TASK MATERIAL Start Marker
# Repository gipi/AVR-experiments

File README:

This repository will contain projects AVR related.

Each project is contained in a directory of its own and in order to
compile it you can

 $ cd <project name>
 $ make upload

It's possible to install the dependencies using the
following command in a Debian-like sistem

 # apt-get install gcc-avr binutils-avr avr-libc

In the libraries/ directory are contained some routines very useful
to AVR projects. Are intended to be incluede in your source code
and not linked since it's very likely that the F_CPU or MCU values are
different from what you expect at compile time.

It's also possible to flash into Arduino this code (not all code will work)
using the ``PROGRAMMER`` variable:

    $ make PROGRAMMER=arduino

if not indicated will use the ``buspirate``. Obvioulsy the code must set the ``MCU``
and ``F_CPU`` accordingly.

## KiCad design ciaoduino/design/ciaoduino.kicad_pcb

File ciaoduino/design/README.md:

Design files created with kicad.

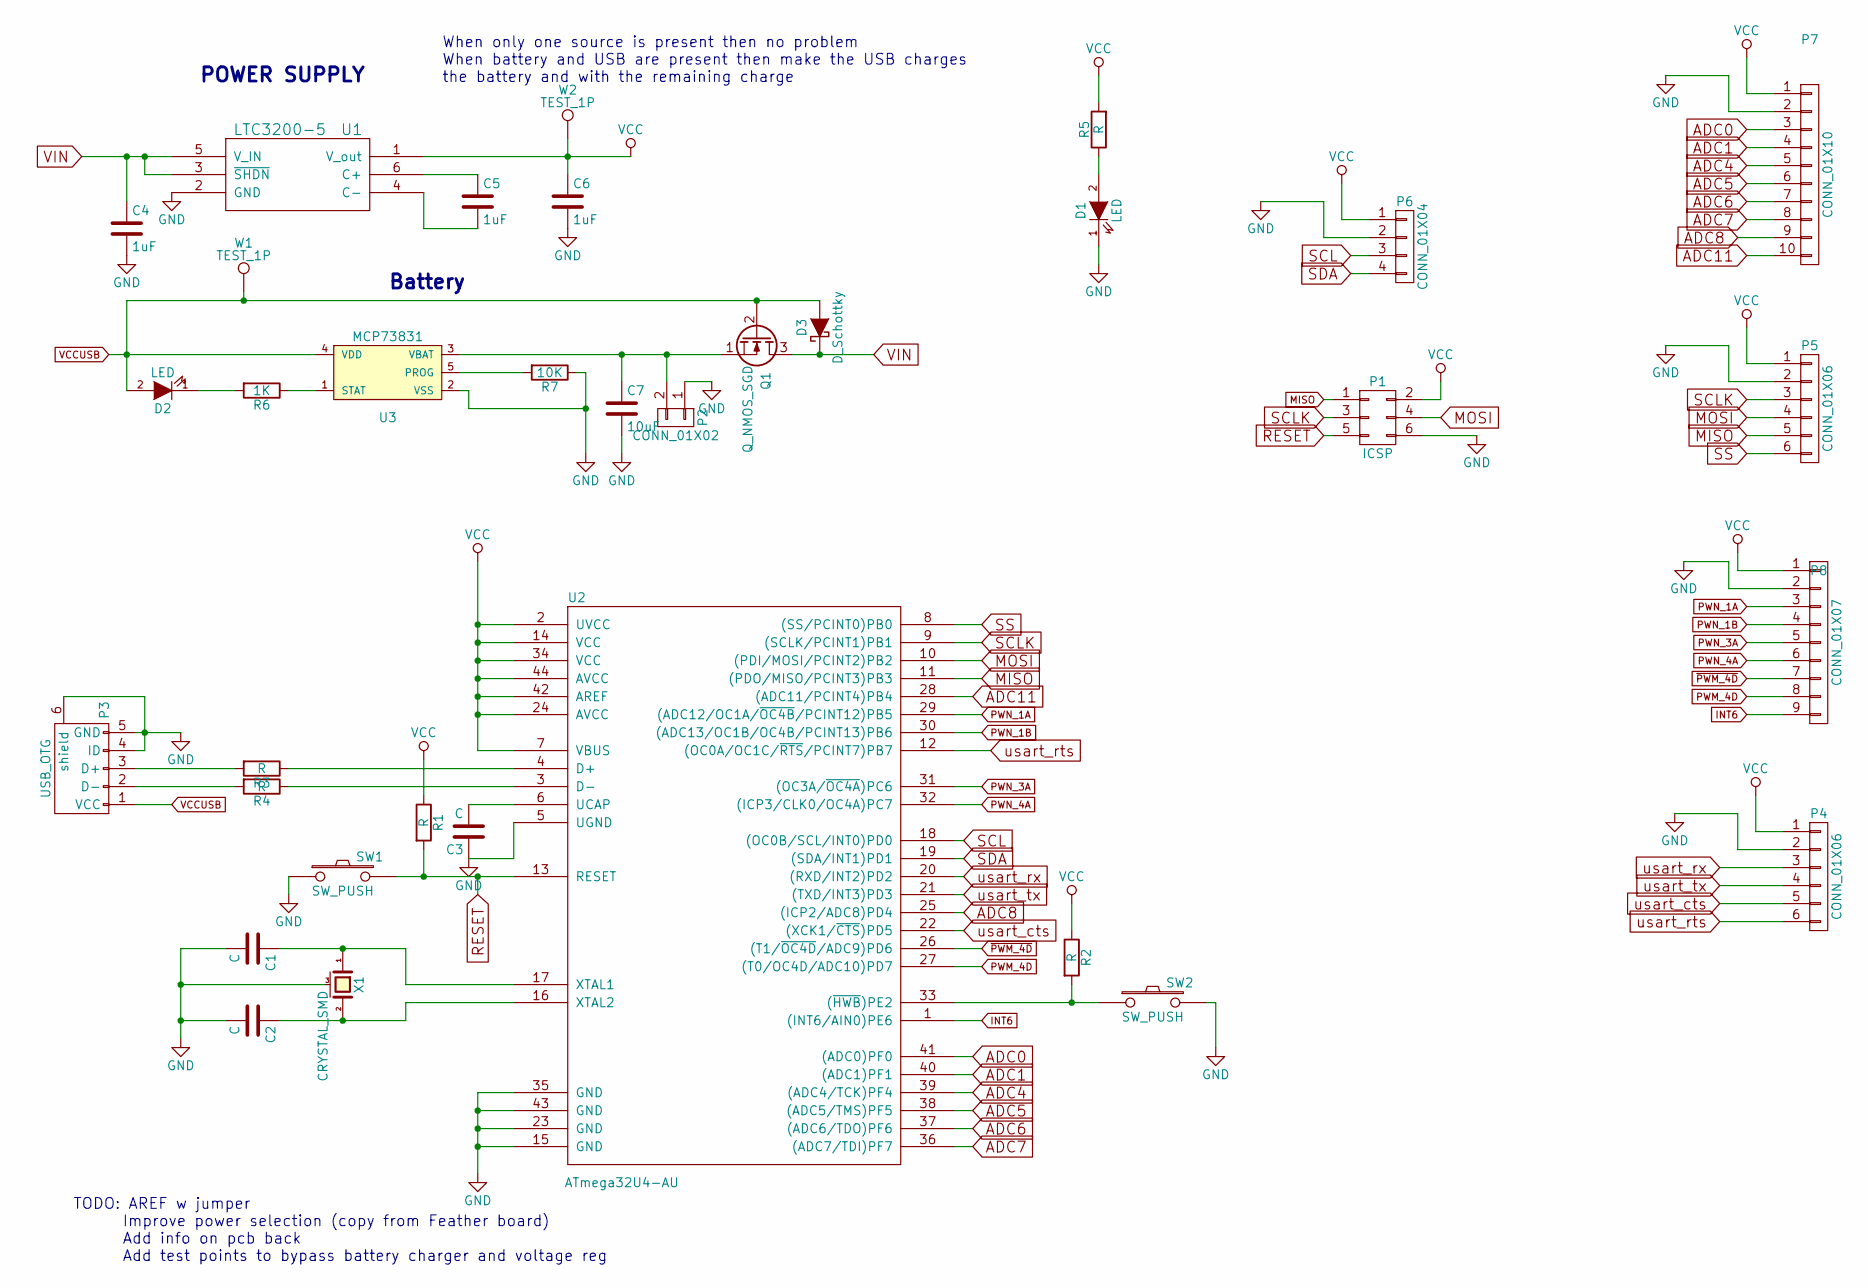
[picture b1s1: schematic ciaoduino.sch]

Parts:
C1, C2, C3: C; C_0603_HandSoldering
C4, C5, C6: 1uF; C_0603_HandSoldering
C7: 10uF; C_0603_HandSoldering
D1, D2: LED; LED_0603
D3: D_Schottky; DO-214AB
P1: ICSP; ICSP_SMD
P2: CONN_01X02; Pin_Header_Angled_1x02
P3: USB_OTG; USB_Mini-B
P4, P5: CONN_01X06; Pin_Header_Straight_1x06
P6: CONN_01X04; Pin_Header_Straight_1x04
P7: CONN_01X10; Pin_Header_Straight_1x10
P8: CONN_01X07; Pin_Header_Straight_1x09
Q1: Q_NMOS_SGD; SOT-23
R1, R3, R4, R5: R; R_0603
R2: R; R_0603_HandSoldering
R6: 1K; R_0603_HandSoldering
R7: 10K; R_0603_HandSoldering
SW1, SW2: SW_PUSH; SW_SPST_KMR2
U1: LTC3200-5; SOT-23-6_Handsoldering
U2: ATmega32U4-AU; TQFP-44_10x10mm_Pitch0.8mm
U3: MCP73831; SOT-23-5
W1, W2: TEST_1P; 1Pin
X1: CRYSTAL_SMD; crystal_FA238-TSX3225

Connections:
ADC0: P7.3, U2.41 ((ADC0)PF0)
ADC1: P7.4, U2.40 ((ADC1)PF1)
ADC4: P7.5, U2.39 ((ADC4/TCK)PF4)
ADC5: P7.6, U2.38 ((ADC5/TMS)PF5)
ADC6: P7.7, U2.37 ((ADC6/TDO)PF6)
ADC7: P7.8, U2.36 ((ADC7/TDI)PF7)
ADC8: P7.9, U2.25 ((ICP2/ADC8)PD4)
ADC11: P7.10, U2.28 ((ADC11/PCINT4)PB4)
GND: C1.2, C2.2, C3.1, C4.2, C6.2, C7.2, D1.1 (K), P1.6, P2.1, P3.4 (ID), P3.5 (GND), P3.6 (shield), P4.2, P5.2, P6.2, P7.2, P8.2, R7.1, SW1.1, SW2.2, U1.2 (GND), U2.5 (UGND), U2.15 (GND), U2.23 (GND), U2.35 (GND), U2.43 (GND), U3.2 (VSS), X1.3 (case)
INT6: P8.9, U2.1 ((INT6/AIN0)PE6)
MISO: P1.1, P5.5, U2.11 ((PDO/MISO/PCINT3)PB3)
MOSI: P1.4, P5.4, U2.10 ((PDI/MOSI/PCINT2)PB2)
unnamed: C1.1, U2.17 (XTAL1), X1.1
unnamed: C2.1, U2.16 (XTAL2), X1.2
unnamed: C3.2, U2.6 (UCAP)
unnamed: C5.1, U1.6 (C+)
unnamed: C5.2, U1.4 (C-)
unnamed: C7.1, P2.2, Q1.1 (S), U3.3 (VBAT)
unnamed: D1.2 (A), R5.1
unnamed: D2.1 (K), R6.2
unnamed: P3.2 (D-), R4.2
unnamed: P3.3 (D+), R3.2
unnamed: R2.2, SW2.1, U2.33 ((~HWB~)PE2)
unnamed: R3.1, U2.4 (D+)
unnamed: R4.1, U2.3 (D-)
unnamed: R6.1, U3.1 (STAT)
unnamed: R7.2, U3.5 (PROG)
PWM_4D: P8.8, U2.27 ((T0/OC4D/ADC10)PD7)
PWN_1A: P8.3, U2.29 ((ADC12/OC1A/~OC4B~/PCINT12)PB5)
PWN_1B: P8.4, U2.30 ((ADC13/OC1B/OC4B/PCINT13)PB6)
PWN_3A: P8.5, U2.31 ((OC3A/~OC4A~)PC6)
PWN_4A: P8.6, U2.32 ((ICP3/CLK0/OC4A)PC7)
RESET: P1.5, R1.2, SW1.2, U2.13 (RESET)
SCL: P6.3, U2.18 ((OC0B/SCL/INT0)PD0)
SCLK: P1.3, P5.3, U2.9 ((SCLK/PCINT1)PB1)
SDA: P6.4, U2.19 ((SDA/INT1)PD1)
SS: P5.6, U2.8 ((SS/PCINT0)PB0)
VCC: C6.1, P1.2, P4.1, P5.1, P6.1, P7.1, P8.1, R1.1, R2.1, R5.2, U1.1 (V_out), U2.2 (UVCC), U2.7 (VBUS), U2.14 (VCC), U2.24 (AVCC), U2.34 (VCC), U2.42 (AREF), U2.44 (AVCC), W2.1
VCCUSB: D2.2 (A), D3.2 (A), P3.1 (VCC), Q1.2 (G), U3.4 (VDD), W1.1
VIN: C4.1, D3.1 (K), Q1.3 (D), U1.3 (~SHDN), U1.5 (V_IN)
usart_cts: P4.5, U2.22 ((XCK1/~CTS~)PD5)
usart_rts: P4.6, U2.12 ((OC0A/OC1C/~RTS~/PCINT7)PB7)
usart_rx: P4.3, U2.20 ((RXD/INT2)PD2)
usart_tx: P4.4, U2.21 ((TXD/INT3)PD3)
~PWM_4D: P8.7, U2.26 ((T1/~OC4D~/ADC9)PD6)

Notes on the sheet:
TODO: AREF w jumper Improve power selection (copy from Feather board) Add info on pcb back Add test points to bypass battery charger and voltage reg
POWER SUPPLY
Battery
When only one source is present then no problem When battery and USB are present then make the USB charges the battery and with the remaining charge

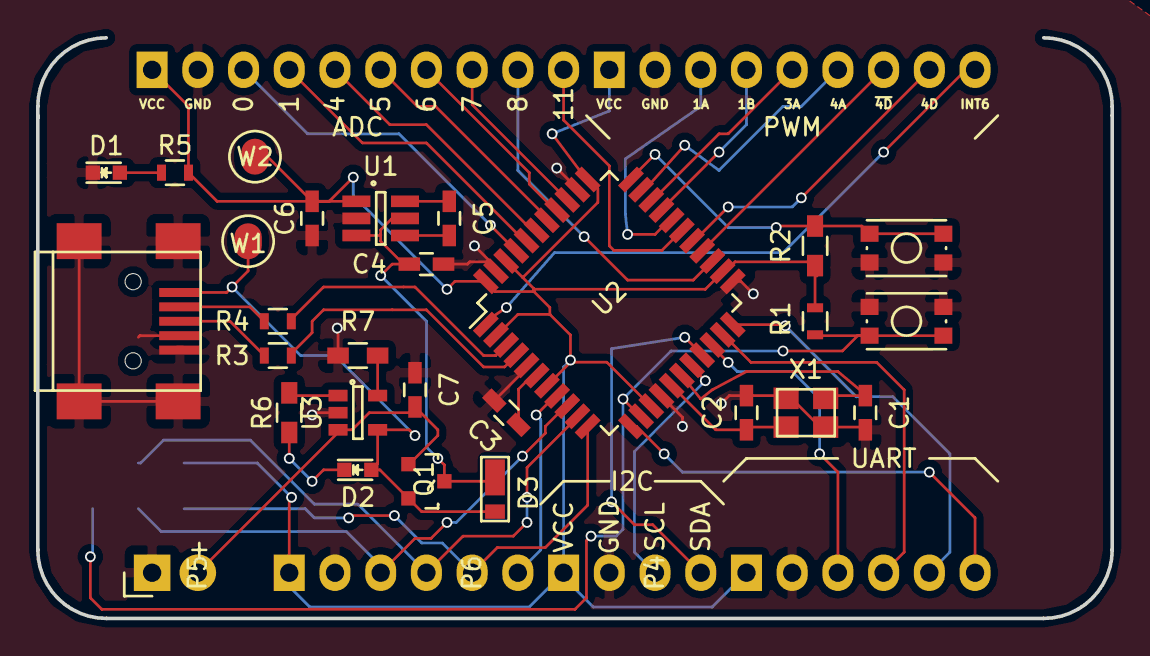
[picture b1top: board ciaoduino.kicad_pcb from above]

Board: 2 copper layers, 59.7 x 32.3 mm, 34 parts (1 on the bottom side), 45 nets.

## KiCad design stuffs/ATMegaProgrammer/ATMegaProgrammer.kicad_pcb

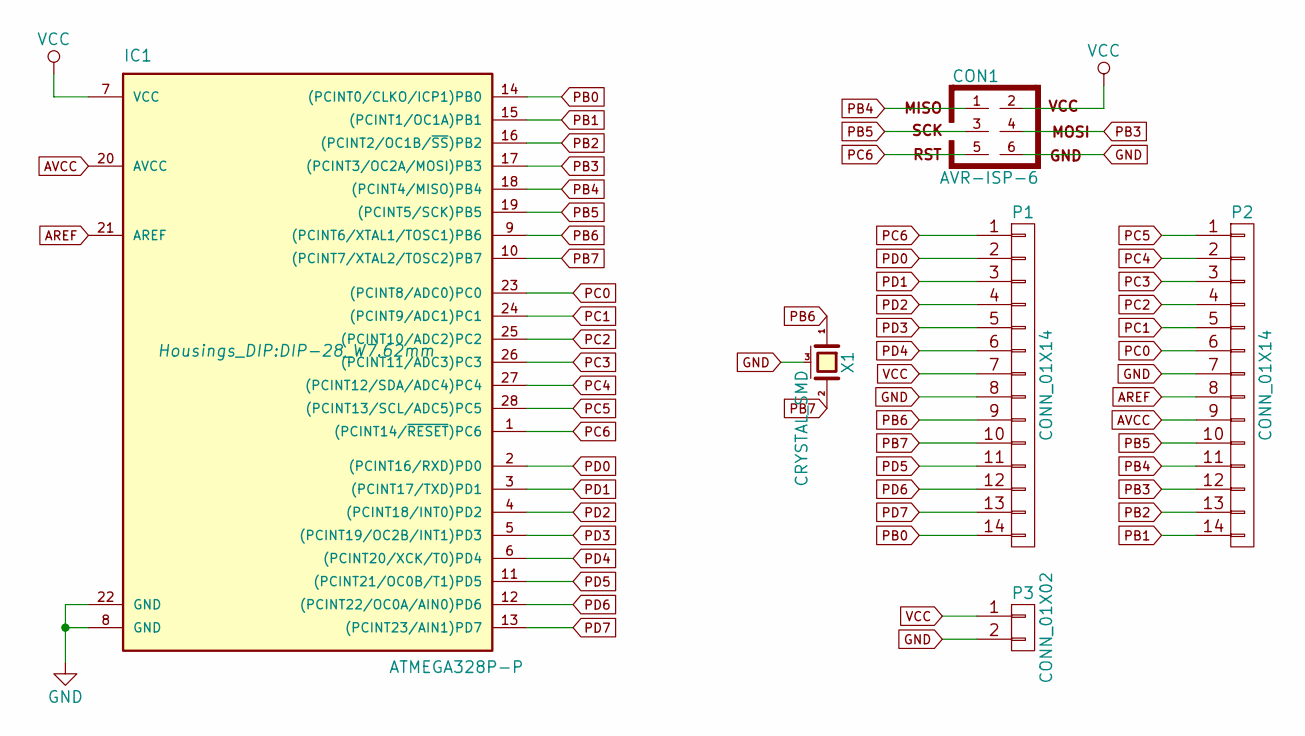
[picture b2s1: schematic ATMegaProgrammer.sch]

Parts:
CON1: AVR-ISP-6; Pin_Header_Straight_2x03
IC1: ATMEGA328P-P; DIP-28_W7.62mm
P1, P2: CONN_01X14; Pin_Header_Straight_1x14
P3: CONN_01X02; Pin_Header_Straight_1x02
X1: CRYSTAL_SMD; crystal_FA238-TSX3225

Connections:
AREF: IC1.21 (AREF), P2.8
AVCC: IC1.20 (AVCC), P2.9
GND: CON1.6, IC1.8 (GND), IC1.22 (GND), P1.8, P2.7, P3.2, X1.3 (case)
PB0: IC1.14 ((PCINT0/CLKO/ICP1)PB0), P1.14
PB1: IC1.15 ((PCINT1/OC1A)PB1), P2.14
PB2: IC1.16 ((PCINT2/OC1B/~SS~)PB2), P2.13
PB3: CON1.4, IC1.17 ((PCINT3/OC2A/MOSI)PB3), P2.12
PB4: CON1.1, IC1.18 ((PCINT4/MISO)PB4), P2.11
PB5: CON1.3, IC1.19 ((PCINT5/SCK)PB5), P2.10
PB6: IC1.9 ((PCINT6/XTAL1/TOSC1)PB6), P1.9, X1.1
PB7: IC1.10 ((PCINT7/XTAL2/TOSC2)PB7), P1.10, X1.2
PC0: IC1.23 ((PCINT8/ADC0)PC0), P2.6
PC1: IC1.24 ((PCINT9/ADC1)PC1), P2.5
PC2: IC1.25 ((PCINT10/ADC2)PC2), P2.4
PC3: IC1.26 ((PCINT11/ADC3)PC3), P2.3
PC4: IC1.27 ((PCINT12/SDA/ADC4)PC4), P2.2
PC5: IC1.28 ((PCINT13/SCL/ADC5)PC5), P2.1
PC6: CON1.5, IC1.1 ((PCINT14/~RESET~)PC6), P1.1
PD0: IC1.2 ((PCINT16/RXD)PD0), P1.2
PD1: IC1.3 ((PCINT17/TXD)PD1), P1.3
PD2: IC1.4 ((PCINT18/INT0)PD2), P1.4
PD3: IC1.5 ((PCINT19/OC2B/INT1)PD3), P1.5
PD4: IC1.6 ((PCINT20/XCK/T0)PD4), P1.6
PD5: IC1.11 ((PCINT21/OC0B/T1)PD5), P1.11
PD6: IC1.12 ((PCINT22/OC0A/AIN0)PD6), P1.12
PD7: IC1.13 ((PCINT23/AIN1)PD7), P1.13
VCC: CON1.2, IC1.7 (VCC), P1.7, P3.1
TASK MATERIAL End Marker
### INSTRUCTIONS FOR THE TASK
Only the lines that hold the word "RESET" are wanted; each should be pulled from the records.

### RESPONSE TO THE TASK
RESET: P1.5, R1.2, SW1.2, U2.13 (RESET)
PC6: CON1.5, IC1.1 ((PCINT14/~RESET~)PC6), P1.1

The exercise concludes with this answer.